The phrase is credited to Washington Post editor Ben Bradlee, who coined the term as the White House responded to allegations about the Watergate break-in in the early 1970s.

Concrete examples of the past: “I am not a crook,” said Richard Nixon.

Or take President Bill Clinton: “I did not have sexual relations with that woman.” It depends on what you consider “sexual relations,” doesn’t it?

And so we bring it to the present day in the form of Roy Moore. His “responses” to innumerable allegations of sexual misconduct with minors and others have been classic (and even predictable): The allegations were “unsubstantiated,” ”unproven” and “fake.” In other words, he said nothing. He also, in an interview with Sean Hannity, left open the possibility that, as the women alleged, he had in fact molested them, saying he did not “generally” date girls 15 years younger than him, and adding “I’m not going to dispute anything but I don’t remember anything like that.”
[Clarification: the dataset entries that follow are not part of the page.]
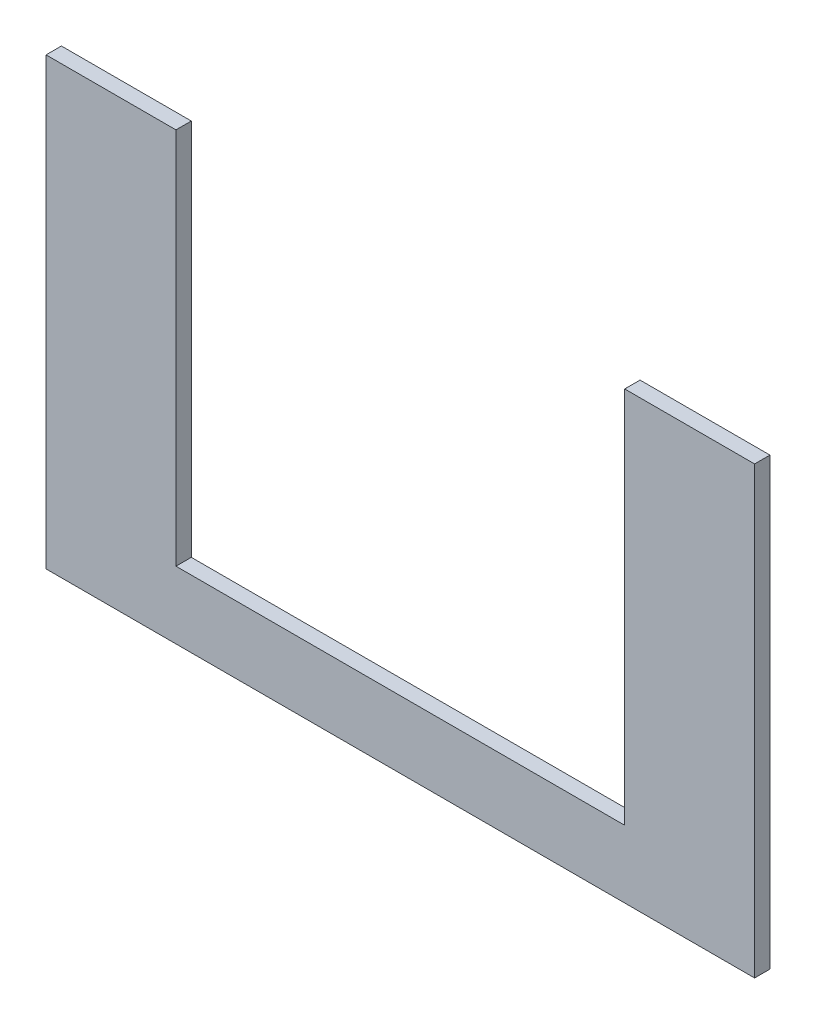
ISO-10303-21;
HEADER;
FILE_DESCRIPTION(('STEP AP214'),'2;1');
FILE_NAME('part.step','',(''),(''),'','','');
FILE_SCHEMA(('AUTOMOTIVE_DESIGN { 1 0 10303 214 1 1 1 1 }'));
ENDSEC;
DATA;
#1=APPLICATION_CONTEXT('core data for automotive mechanical design processes');
#2=APPLICATION_PROTOCOL_DEFINITION('international standard','automotive_design',2000,#1);
#3=PRODUCT_CONTEXT('',#1,'mechanical');
#4=PRODUCT('Part','Part','',(#3));
#5=PRODUCT_RELATED_PRODUCT_CATEGORY('part','',(#4));
#6=PRODUCT_DEFINITION_FORMATION('','',#4);
#7=PRODUCT_DEFINITION_CONTEXT('part definition',#1,'design');
#8=PRODUCT_DEFINITION('design','',#6,#7);
#9=PRODUCT_DEFINITION_SHAPE('','',#8);
#10=(LENGTH_UNIT() NAMED_UNIT(*) SI_UNIT(.MILLI.,.METRE.));
#11=(NAMED_UNIT(*) PLANE_ANGLE_UNIT() SI_UNIT($,.RADIAN.));
#12=(NAMED_UNIT(*) SI_UNIT($,.STERADIAN.) SOLID_ANGLE_UNIT());
#13=UNCERTAINTY_MEASURE_WITH_UNIT(LENGTH_MEASURE(1.E-05),#10,'distance_accuracy_value','');
#14=(GEOMETRIC_REPRESENTATION_CONTEXT(3) GLOBAL_UNCERTAINTY_ASSIGNED_CONTEXT((#13)) GLOBAL_UNIT_ASSIGNED_CONTEXT((#10,
#11,#12)) REPRESENTATION_CONTEXT('',''));
#15=CARTESIAN_POINT('',(0.,0.,0.));
#16=DIRECTION('',(0.,0.,1.));
#17=DIRECTION('',(1.,0.,0.));
#18=AXIS2_PLACEMENT_3D('',#15,#16,#17);
#19=CARTESIAN_POINT('',(0.,0.,0.));
#20=DIRECTION('',(0.,0.,1.));
#21=DIRECTION('',(1.,0.,0.));
#22=AXIS2_PLACEMENT_3D('',#19,#20,#21);
#23=PLANE('',#22);
#24=DIRECTION('',(1.,0.,0.));
#25=VECTOR('',#24,1.);
#26=CARTESIAN_POINT('',(-17.,0.5,0.));
#27=LINE('',#26,#25);
#28=CARTESIAN_POINT('',(-11.5384615384615,0.5,0.));
#29=VERTEX_POINT('',#28);
#30=CARTESIAN_POINT('',(11.5384615384616,0.5,0.));
#31=VERTEX_POINT('',#30);
#32=EDGE_CURVE('E11',#29,#31,#27,.T.);
#33=ORIENTED_EDGE('',*,*,#32,.F.);
#34=DIRECTION('',(0.,-1.,0.));
#35=VECTOR('',#34,1.);
#36=CARTESIAN_POINT('',(-11.5384615384615,15.,0.));
#37=LINE('',#36,#35);
#38=CARTESIAN_POINT('',(-11.5384615384615,15.,0.));
#39=VERTEX_POINT('',#38);
#40=EDGE_CURVE('E101',#39,#29,#37,.T.);
#41=ORIENTED_EDGE('',*,*,#40,.F.);
#42=DIRECTION('',(-1.,0.,0.));
#43=VECTOR('',#42,1.);
#44=CARTESIAN_POINT('',(-7.30769230769229,15.,0.));
#45=LINE('',#44,#43);
#46=CARTESIAN_POINT('',(-7.30769230769229,15.,0.));
#47=VERTEX_POINT('',#46);
#48=EDGE_CURVE('E143',#47,#39,#45,.T.);
#49=ORIENTED_EDGE('',*,*,#48,.F.);
#50=DIRECTION('',(0.,1.,0.));
#51=VECTOR('',#50,1.);
#52=CARTESIAN_POINT('',(-7.30769230769229,2.69230769230769,0.));
#53=LINE('',#52,#51);
#54=CARTESIAN_POINT('',(-7.30769230769229,2.69230769230769,0.));
#55=VERTEX_POINT('',#54);
#56=EDGE_CURVE('E141',#55,#47,#53,.T.);
#57=ORIENTED_EDGE('',*,*,#56,.F.);
#58=DIRECTION('',(-1.,0.,0.));
#59=VECTOR('',#58,1.);
#60=CARTESIAN_POINT('',(7.30769230769232,2.69230769230769,0.));
#61=LINE('',#60,#59);
#62=CARTESIAN_POINT('',(7.30769230769232,2.69230769230769,0.));
#63=VERTEX_POINT('',#62);
#64=EDGE_CURVE('E138',#63,#55,#61,.T.);
#65=ORIENTED_EDGE('',*,*,#64,.F.);
#66=DIRECTION('',(0.,-1.,0.));
#67=VECTOR('',#66,1.);
#68=CARTESIAN_POINT('',(7.30769230769232,15.,0.));
#69=LINE('',#68,#67);
#70=CARTESIAN_POINT('',(7.30769230769232,15.,0.));
#71=VERTEX_POINT('',#70);
#72=EDGE_CURVE('E134',#71,#63,#69,.T.);
#73=ORIENTED_EDGE('',*,*,#72,.F.);
#74=DIRECTION('',(-1.,0.,0.));
#75=VECTOR('',#74,1.);
#76=CARTESIAN_POINT('',(11.5384615384616,15.,0.));
#77=LINE('',#76,#75);
#78=CARTESIAN_POINT('',(11.5384615384616,15.,0.));
#79=VERTEX_POINT('',#78);
#80=EDGE_CURVE('E123',#79,#71,#77,.T.);
#81=ORIENTED_EDGE('',*,*,#80,.F.);
#82=DIRECTION('',(0.,1.,0.));
#83=VECTOR('',#82,1.);
#84=CARTESIAN_POINT('',(11.5384615384616,-15.,0.));
#85=LINE('',#84,#83);
#86=EDGE_CURVE('E112',#31,#79,#85,.T.);
#87=ORIENTED_EDGE('',*,*,#86,.F.);
#88=EDGE_LOOP('',(#33,#41,#49,#57,#65,#73,#81,#87));
#89=FACE_BOUND('',#88,.T.);
#90=ADVANCED_FACE('F39',(#89),#23,.F.);
#91=CARTESIAN_POINT('',(11.5384615384616,-15.,0.5));
#92=DIRECTION('',(-1.,0.,0.));
#93=DIRECTION('',(0.,0.,1.));
#94=AXIS2_PLACEMENT_3D('',#91,#92,#93);
#95=PLANE('',#94);
#96=DIRECTION('',(0.,1.,0.));
#97=VECTOR('',#96,1.);
#98=CARTESIAN_POINT('',(11.5384615384616,-15.,0.5));
#99=LINE('',#98,#97);
#100=CARTESIAN_POINT('',(11.5384615384616,0.5,0.5));
#101=VERTEX_POINT('',#100);
#102=CARTESIAN_POINT('',(11.5384615384616,15.,0.5));
#103=VERTEX_POINT('',#102);
#104=EDGE_CURVE('E119',#101,#103,#99,.T.);
#105=ORIENTED_EDGE('',*,*,#104,.F.);
#106=DIRECTION('',(0.,0.,-1.));
#107=VECTOR('',#106,1.);
#108=CARTESIAN_POINT('',(11.5384615384616,0.5,0.5));
#109=LINE('',#108,#107);
#110=EDGE_CURVE('E52',#101,#31,#109,.T.);
#111=ORIENTED_EDGE('',*,*,#110,.T.);
#112=ORIENTED_EDGE('',*,*,#86,.T.);
#113=DIRECTION('',(0.,0.,-1.));
#114=VECTOR('',#113,1.);
#115=CARTESIAN_POINT('',(11.5384615384616,15.,0.5));
#116=LINE('',#115,#114);
#117=EDGE_CURVE('E132',#103,#79,#116,.T.);
#118=ORIENTED_EDGE('',*,*,#117,.F.);
#119=EDGE_LOOP('',(#105,#111,#112,#118));
#120=FACE_BOUND('',#119,.T.);
#121=ADVANCED_FACE('F179',(#120),#95,.F.);
#122=CARTESIAN_POINT('',(-11.5384615384615,15.,0.5));
#123=DIRECTION('',(1.,0.,0.));
#124=DIRECTION('',(0.,0.,-1.));
#125=AXIS2_PLACEMENT_3D('',#122,#123,#124);
#126=PLANE('',#125);
#127=ORIENTED_EDGE('',*,*,#40,.T.);
#128=DIRECTION('',(0.,0.,1.));
#129=VECTOR('',#128,1.);
#130=CARTESIAN_POINT('',(-11.5384615384615,0.5,0.5));
#131=LINE('',#130,#129);
#132=CARTESIAN_POINT('',(-11.5384615384615,0.5,0.5));
#133=VERTEX_POINT('',#132);
#134=EDGE_CURVE('E96',#29,#133,#131,.T.);
#135=ORIENTED_EDGE('',*,*,#134,.T.);
#136=DIRECTION('',(0.,-1.,0.));
#137=VECTOR('',#136,1.);
#138=CARTESIAN_POINT('',(-11.5384615384615,15.,0.5));
#139=LINE('',#138,#137);
#140=CARTESIAN_POINT('',(-11.5384615384615,15.,0.5));
#141=VERTEX_POINT('',#140);
#142=EDGE_CURVE('E118',#141,#133,#139,.T.);
#143=ORIENTED_EDGE('',*,*,#142,.F.);
#144=DIRECTION('',(0.,0.,-1.));
#145=VECTOR('',#144,1.);
#146=CARTESIAN_POINT('',(-11.5384615384615,15.,0.5));
#147=LINE('',#146,#145);
#148=EDGE_CURVE('E104',#141,#39,#147,.T.);
#149=ORIENTED_EDGE('',*,*,#148,.T.);
#150=EDGE_LOOP('',(#127,#135,#143,#149));
#151=FACE_BOUND('',#150,.T.);
#152=ADVANCED_FACE('F111',(#151),#126,.F.);
#153=CARTESIAN_POINT('',(0.,0.,0.5));
#154=DIRECTION('',(0.,0.,1.));
#155=DIRECTION('',(1.,0.,0.));
#156=AXIS2_PLACEMENT_3D('',#153,#154,#155);
#157=PLANE('',#156);
#158=DIRECTION('',(-1.,0.,0.));
#159=VECTOR('',#158,1.);
#160=CARTESIAN_POINT('',(0.,0.5,0.5));
#161=LINE('',#160,#159);
#162=EDGE_CURVE('E50',#101,#133,#161,.T.);
#163=ORIENTED_EDGE('',*,*,#162,.F.);
#164=ORIENTED_EDGE('',*,*,#104,.T.);
#165=DIRECTION('',(-1.,0.,0.));
#166=VECTOR('',#165,1.);
#167=CARTESIAN_POINT('',(11.5384615384616,15.,0.5));
#168=LINE('',#167,#166);
#169=CARTESIAN_POINT('',(7.30769230769232,15.,0.5));
#170=VERTEX_POINT('',#169);
#171=EDGE_CURVE('E116',#103,#170,#168,.T.);
#172=ORIENTED_EDGE('',*,*,#171,.T.);
#173=DIRECTION('',(0.,-1.,0.));
#174=VECTOR('',#173,1.);
#175=CARTESIAN_POINT('',(7.30769230769232,15.,0.5));
#176=LINE('',#175,#174);
#177=CARTESIAN_POINT('',(7.30769230769232,2.69230769230769,0.5));
#178=VERTEX_POINT('',#177);
#179=EDGE_CURVE('E128',#170,#178,#176,.T.);
#180=ORIENTED_EDGE('',*,*,#179,.T.);
#181=DIRECTION('',(-1.,0.,0.));
#182=VECTOR('',#181,1.);
#183=CARTESIAN_POINT('',(7.30769230769232,2.69230769230769,0.5));
#184=LINE('',#183,#182);
#185=CARTESIAN_POINT('',(-7.30769230769229,2.69230769230769,0.5));
#186=VERTEX_POINT('',#185);
#187=EDGE_CURVE('E126',#178,#186,#184,.T.);
#188=ORIENTED_EDGE('',*,*,#187,.T.);
#189=DIRECTION('',(0.,1.,0.));
#190=VECTOR('',#189,1.);
#191=CARTESIAN_POINT('',(-7.30769230769229,2.69230769230769,0.5));
#192=LINE('',#191,#190);
#193=CARTESIAN_POINT('',(-7.30769230769229,15.,0.5));
#194=VERTEX_POINT('',#193);
#195=EDGE_CURVE('E127',#186,#194,#192,.T.);
#196=ORIENTED_EDGE('',*,*,#195,.T.);
#197=DIRECTION('',(-1.,0.,0.));
#198=VECTOR('',#197,1.);
#199=CARTESIAN_POINT('',(-7.30769230769229,15.,0.5));
#200=LINE('',#199,#198);
#201=EDGE_CURVE('E122',#194,#141,#200,.T.);
#202=ORIENTED_EDGE('',*,*,#201,.T.);
#203=ORIENTED_EDGE('',*,*,#142,.T.);
#204=EDGE_LOOP('',(#163,#164,#172,#180,#188,#196,#202,#203));
#205=FACE_BOUND('',#204,.T.);
#206=ADVANCED_FACE('F178',(#205),#157,.T.);
#207=CARTESIAN_POINT('',(11.5384615384616,15.,0.5));
#208=DIRECTION('',(0.,-1.,0.));
#209=DIRECTION('',(0.,0.,-1.));
#210=AXIS2_PLACEMENT_3D('',#207,#208,#209);
#211=PLANE('',#210);
#212=ORIENTED_EDGE('',*,*,#80,.T.);
#213=DIRECTION('',(0.,0.,-1.));
#214=VECTOR('',#213,1.);
#215=CARTESIAN_POINT('',(7.30769230769232,15.,0.5));
#216=LINE('',#215,#214);
#217=EDGE_CURVE('E140',#170,#71,#216,.T.);
#218=ORIENTED_EDGE('',*,*,#217,.F.);
#219=ORIENTED_EDGE('',*,*,#171,.F.);
#220=ORIENTED_EDGE('',*,*,#117,.T.);
#221=EDGE_LOOP('',(#212,#218,#219,#220));
#222=FACE_BOUND('',#221,.T.);
#223=ADVANCED_FACE('F162',(#222),#211,.F.);
#224=CARTESIAN_POINT('',(7.30769230769232,15.,0.5));
#225=DIRECTION('',(1.,0.,0.));
#226=DIRECTION('',(0.,0.,-1.));
#227=AXIS2_PLACEMENT_3D('',#224,#225,#226);
#228=PLANE('',#227);
#229=ORIENTED_EDGE('',*,*,#72,.T.);
#230=DIRECTION('',(0.,0.,-1.));
#231=VECTOR('',#230,1.);
#232=CARTESIAN_POINT('',(7.30769230769232,2.69230769230769,0.5));
#233=LINE('',#232,#231);
#234=EDGE_CURVE('E139',#178,#63,#233,.T.);
#235=ORIENTED_EDGE('',*,*,#234,.F.);
#236=ORIENTED_EDGE('',*,*,#179,.F.);
#237=ORIENTED_EDGE('',*,*,#217,.T.);
#238=EDGE_LOOP('',(#229,#235,#236,#237));
#239=FACE_BOUND('',#238,.T.);
#240=ADVANCED_FACE('F169',(#239),#228,.F.);
#241=CARTESIAN_POINT('',(7.30769230769232,2.69230769230769,0.5));
#242=DIRECTION('',(0.,-1.,0.));
#243=DIRECTION('',(0.,0.,-1.));
#244=AXIS2_PLACEMENT_3D('',#241,#242,#243);
#245=PLANE('',#244);
#246=ORIENTED_EDGE('',*,*,#64,.T.);
#247=DIRECTION('',(0.,0.,-1.));
#248=VECTOR('',#247,1.);
#249=CARTESIAN_POINT('',(-7.30769230769229,2.69230769230769,0.5));
#250=LINE('',#249,#248);
#251=EDGE_CURVE('E142',#186,#55,#250,.T.);
#252=ORIENTED_EDGE('',*,*,#251,.F.);
#253=ORIENTED_EDGE('',*,*,#187,.F.);
#254=ORIENTED_EDGE('',*,*,#234,.T.);
#255=EDGE_LOOP('',(#246,#252,#253,#254));
#256=FACE_BOUND('',#255,.T.);
#257=ADVANCED_FACE('F174',(#256),#245,.F.);
#258=CARTESIAN_POINT('',(-7.30769230769229,2.69230769230769,0.5));
#259=DIRECTION('',(-1.,0.,0.));
#260=DIRECTION('',(0.,0.,1.));
#261=AXIS2_PLACEMENT_3D('',#258,#259,#260);
#262=PLANE('',#261);
#263=ORIENTED_EDGE('',*,*,#56,.T.);
#264=DIRECTION('',(0.,0.,-1.));
#265=VECTOR('',#264,1.);
#266=CARTESIAN_POINT('',(-7.30769230769229,15.,0.5));
#267=LINE('',#266,#265);
#268=EDGE_CURVE('E147',#194,#47,#267,.T.);
#269=ORIENTED_EDGE('',*,*,#268,.F.);
#270=ORIENTED_EDGE('',*,*,#195,.F.);
#271=ORIENTED_EDGE('',*,*,#251,.T.);
#272=EDGE_LOOP('',(#263,#269,#270,#271));
#273=FACE_BOUND('',#272,.T.);
#274=ADVANCED_FACE('F197',(#273),#262,.F.);
#275=CARTESIAN_POINT('',(-7.30769230769229,15.,0.5));
#276=DIRECTION('',(0.,-1.,0.));
#277=DIRECTION('',(0.,0.,-1.));
#278=AXIS2_PLACEMENT_3D('',#275,#276,#277);
#279=PLANE('',#278);
#280=ORIENTED_EDGE('',*,*,#48,.T.);
#281=ORIENTED_EDGE('',*,*,#148,.F.);
#282=ORIENTED_EDGE('',*,*,#201,.F.);
#283=ORIENTED_EDGE('',*,*,#268,.T.);
#284=EDGE_LOOP('',(#280,#281,#282,#283));
#285=FACE_BOUND('',#284,.T.);
#286=ADVANCED_FACE('F194',(#285),#279,.F.);
#287=CARTESIAN_POINT('',(-17.,0.5,1.));
#288=DIRECTION('',(0.,1.,0.));
#289=DIRECTION('',(0.,0.,1.));
#290=AXIS2_PLACEMENT_3D('',#287,#288,#289);
#291=PLANE('',#290);
#292=ORIENTED_EDGE('',*,*,#162,.T.);
#293=ORIENTED_EDGE('',*,*,#134,.F.);
#294=ORIENTED_EDGE('',*,*,#32,.T.);
#295=ORIENTED_EDGE('',*,*,#110,.F.);
#296=EDGE_LOOP('',(#292,#293,#294,#295));
#297=FACE_BOUND('',#296,.T.);
#298=ADVANCED_FACE('F97',(#297),#291,.F.);
#299=CLOSED_SHELL('',(#90,#121,#152,#206,#223,#240,#257,#274,#286,#298));
#300=MANIFOLD_SOLID_BREP('B2',#299);
#301=ADVANCED_BREP_SHAPE_REPRESENTATION('',(#18,#300),#14);
#302=SHAPE_DEFINITION_REPRESENTATION(#9,#301);
ENDSEC;
END-ISO-10303-21;

Then, when Hannity finally put the wood to him, Moore issued an unequivocal statement: “I adamantly deny the allegations of Leigh Corfman and Beverly Nelson, did not date underage girls, and have taken steps to begin a civil action for defamation.” Which led to more questions and potential evidence.

 

Most recently, Moore flat out denied the women’s allegations of sexual misconduct, saying: “They’re not only untrue, but they have no evidence to support them.” And with Roy Moore having taken his denial up a notch, President Trump decided to whole-heartedly support Moore’s candidacy for the Senate — saying “If you look at what is really going on and you look at all the things that have happened over the last 48 hours, he totally denies it. He says it didn’t happen. And you know, you have to listen to him also.”